Lucia mengatur detak jantungnya yang tak beraturan. Dia seperti melihat tayangan pembunuhan secara nyata. Pelan dia mencoba melihat siapa para korban di sana.

Lucia menutup mulut. Apa yang terjadi kenapa mereka bisa dibunuh dengan keji? Di saat dia tengah kebingungan, tiba-tiba pria itu muncul lagi dengan peralatan lengkap untuk mengubur dua wanita tadi.

Mereka dikubur tepat di bawah kasur Lucia yang sekarang ini.

“Jadi,  karena itu, mereka selalu menghantuiku? Tapi kenapa? Aku tidak kenal dengan pria itu?” Lucia bergumam sendiri.

“Hanya kau yang bisa membantu kami,” suara itu tiba-tiba mengagetkan Lucia hingga dia membuka mata lagi.

“Tolong, kami, Lucia, kumohon,” lirih suara itu.

“K-a-l-i-an?” tanya Lia tergagap.

Wanita berbaju putih itu terdiam dan hanya memandang Lucia lekat. Pun dengan hantu wanita yang hanya berbentuk kepala.

“Bantu, aku, ya,” pintanya wanita berbaju putih penuh harap.

“Tolonglah !”

Lucia pun luluh, dan akhirnya mau membantu. Dia mendengar dengan seksama cerita yang hantu wanita itu tuturkan.

Lucia baru tahu namanya adalah Lala dan yang satu Nurma. Mereka meninggal sekitar satu bulan lalu, di rumah yang Lucia tempati sekarang.

****
Sesampai di rumah, Lucia segera masuk ke kamarnya, dia menggeser kasurnya, dan memang menukan gundukan tanah di sana.

“Kau, mau apa, Lucia?” kaget sang Ibu yang memergoki ulahnya.

“Lucia, mau mengungkap kejahatan yang tertunda, kejahatan yang dilimpahkan para orang yang tak bersalah, hingga mereka harus gentayangan karena tak terima akan fitnah. Kebenaran harus ditegakkan,” ucap Lucia berapi-api.

“Kamu ngomong apa sih, Lucia. Ibu tidak paham, sudah, ah. Jangan berimajinasi yang berlebihan,” sang Ibu menyuruh Lucia segera meninggalkan aktivitasnya.

“Ini benaran, Bu. Lucia tidak bohong,” dia meyakinkan Ibunya.
Tanpa mengindahkan permintaan ibunya, Lucia terus menggali gundukan tanah yang ada di bawah kasurnya.

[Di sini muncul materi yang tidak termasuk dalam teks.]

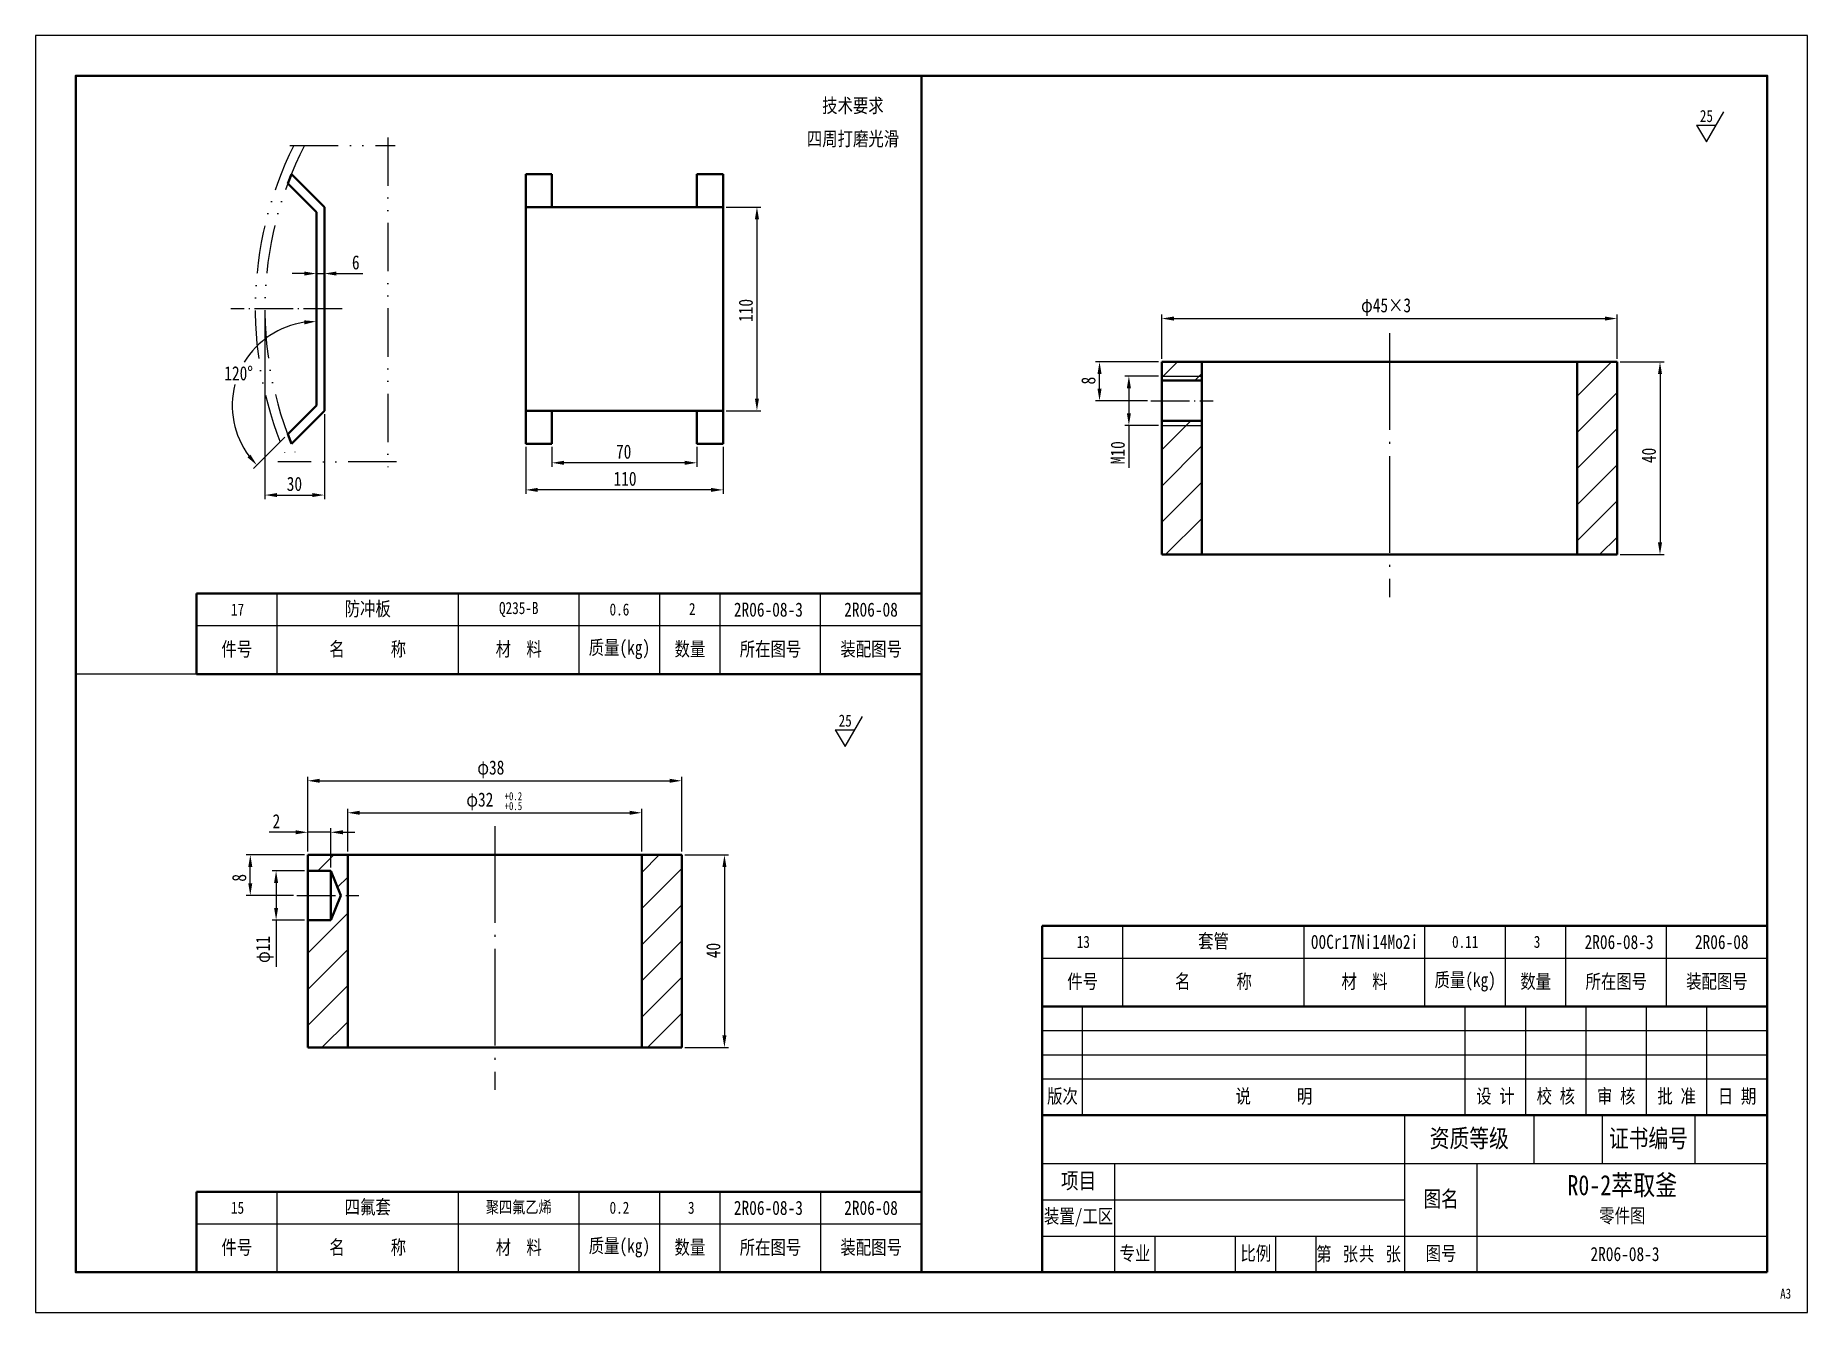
# Model space of a CAD drawing. Extents: x 478 to 918, y 94 to 411.
import ezdxf

# ---------------------------------------------------------------- set-up
doc = ezdxf.new("R2010")
doc.units = 0
doc.linetypes.add('ACAD_ISO04W100', pattern=[30.5, 24, -3, 0.5, -3])
doc.linetypes.add('ACAD_ISO12W100', pattern=[21, 12, -3, 0, -3, 0, -3])
doc.layers.get('DEFPOINTS').update_dxf_attribs({"linetype": 'CONTINUOUS'})
for name, color, linetype in [('双点划线', 2, 'ACAD_ISO12W100'), ('点画线', 1, 'ACAD_ISO04W100'), ('细实线', 7, 'CONTINUOUS')]:
    doc.layers.add(name, color=color, linetype=linetype)
doc.layers.add('粗实线', color=4, linetype='CONTINUOUS', lineweight=40)
doc.styles.get("Standard").update_dxf_attribs({"font": 'SimSun.ttf', "width": 0.8, "height": 3.5})
doc.dimstyles.new('机械', dxfattribs={"dimscale": 0, "dimtxt": 3.5, "dimasz": 3, "dimexe": 1.2, "dimexo": 1, "dimgap": 1, "dimtad": 1, "dimtih": 1, "dimtoh": 1, "dimdec": 4, "dimdsep": 46, "dimlunit": 6, "dimtxsty": 'Standard', "dimcen": 0, "dimadec": 1, "dimazin": 0, "dimtfac": 1, "dimtdec": 4, "dimtmove": 0, "dimatfit": 0, "dimfxl": 0, "dimtolj": 1, "dimtzin": 0, "dimarcsym": 0})
doc.dimstyles.new('机械标注', dxfattribs={"dimscale": 0, "dimtxt": 3.5, "dimasz": 3, "dimexe": 1, "dimexo": 0.8, "dimgap": 1, "dimtad": 1, "dimdec": 4, "dimdsep": 46, "dimlunit": 6, "dimtxsty": 'Standard', "dimcen": 0, "dimadec": 1, "dimazin": 0, "dimtfac": 1, "dimtdec": 4, "dimtmove": 0, "dimatfit": 3, "dimfxl": 0, "dimtolj": 1, "dimtzin": 0, "dimarcsym": 0})

# ---------------------------------------------------------------- blocks, each defined once
blk = doc.blocks.new('*D2')
at = {"layer": 'DEFPOINTS', "color": 0}
for p in [(870.34, 340.86), (757.28, 330.1), (870.34, 330.1)]:
    blk.add_point(p, dxfattribs=at)
at = {"layer": '细实线', "color": 0, "lineweight": -2}
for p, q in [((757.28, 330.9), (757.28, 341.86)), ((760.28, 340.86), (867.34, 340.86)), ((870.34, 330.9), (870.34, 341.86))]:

Di sana Lucia benar menemuka dua mayat wanita seperti yang pernah dilihatnya. Dia memanggil kepolisian untuk segera mengungkapkan kejahatan Hendy—laki-laki yang sejatinya membunuh mereka.
Kejahatan Hendy pun akhirnya terkuak. Lala dan Nurma bukan mati karena bunuh diri seperti kabar yang diberitakan, tapi dibunuh Hendy yang memang mengincar kekayaan Nurma yang baru saja mendapat warisan dari orang tuanya. sedang Lala yang tak sengaja mengetahui kejahatan itu, akhirnya juga kena dampak mati di tangan Hendy.

“Terima kasih, Lucia. Sekarang kami bisa tenang,” ucap Lala dan Nurma yang kemudian hilang tak lagi nampak di pelupuk matanya.

**** Sebulan setelah itu, Lucia merasa tenang tapi, di bulan berikutnya, dia kembali mendapat teror lagi.

“Pergi! Pergi! Aku tidak mau ikut kamu!” teriak Lucia marah.

Dia melempar apa saja yang ada di depannya supa wanita yang sedari tadi dihadapannya hilang.

“Kenapa tidak mau? bukankah kita satu jiwa yang harus selalu bersama, Lucia. Aku Lifia saudara kamu,” ucap wanita bergaun merah.

“Tidak! Aku tidak mengenalmu!” pekik Lucia. Dia menutup telinga agar tak mendengar ocehan Lifia yang ke mana-mana.

Dan batas kesabaran Lucia pun sudah pada puncakknya.

Lucia tidak tahan dan memilih menyendiri, mendekam di kamar yang sepi agar tak diganggu lagi. Di rumah terapi para pemilik dua jiwa yang tak bisa dikendalikan lagi.


Epilog

Kebenaran yang tertunda, kini telah terungkap ternyata Lucia seorang gadis perkepribadian ganda, Dia yang merasa tidak dipercaya keluarganya, sehingga dia menciptakan satu lagi jiwa untuk menemani kesepian yang dirasa. Juga kebohongan yang dia lakukan agar mendapat perhatian orang tuanya, tentang Lala dan Nurma.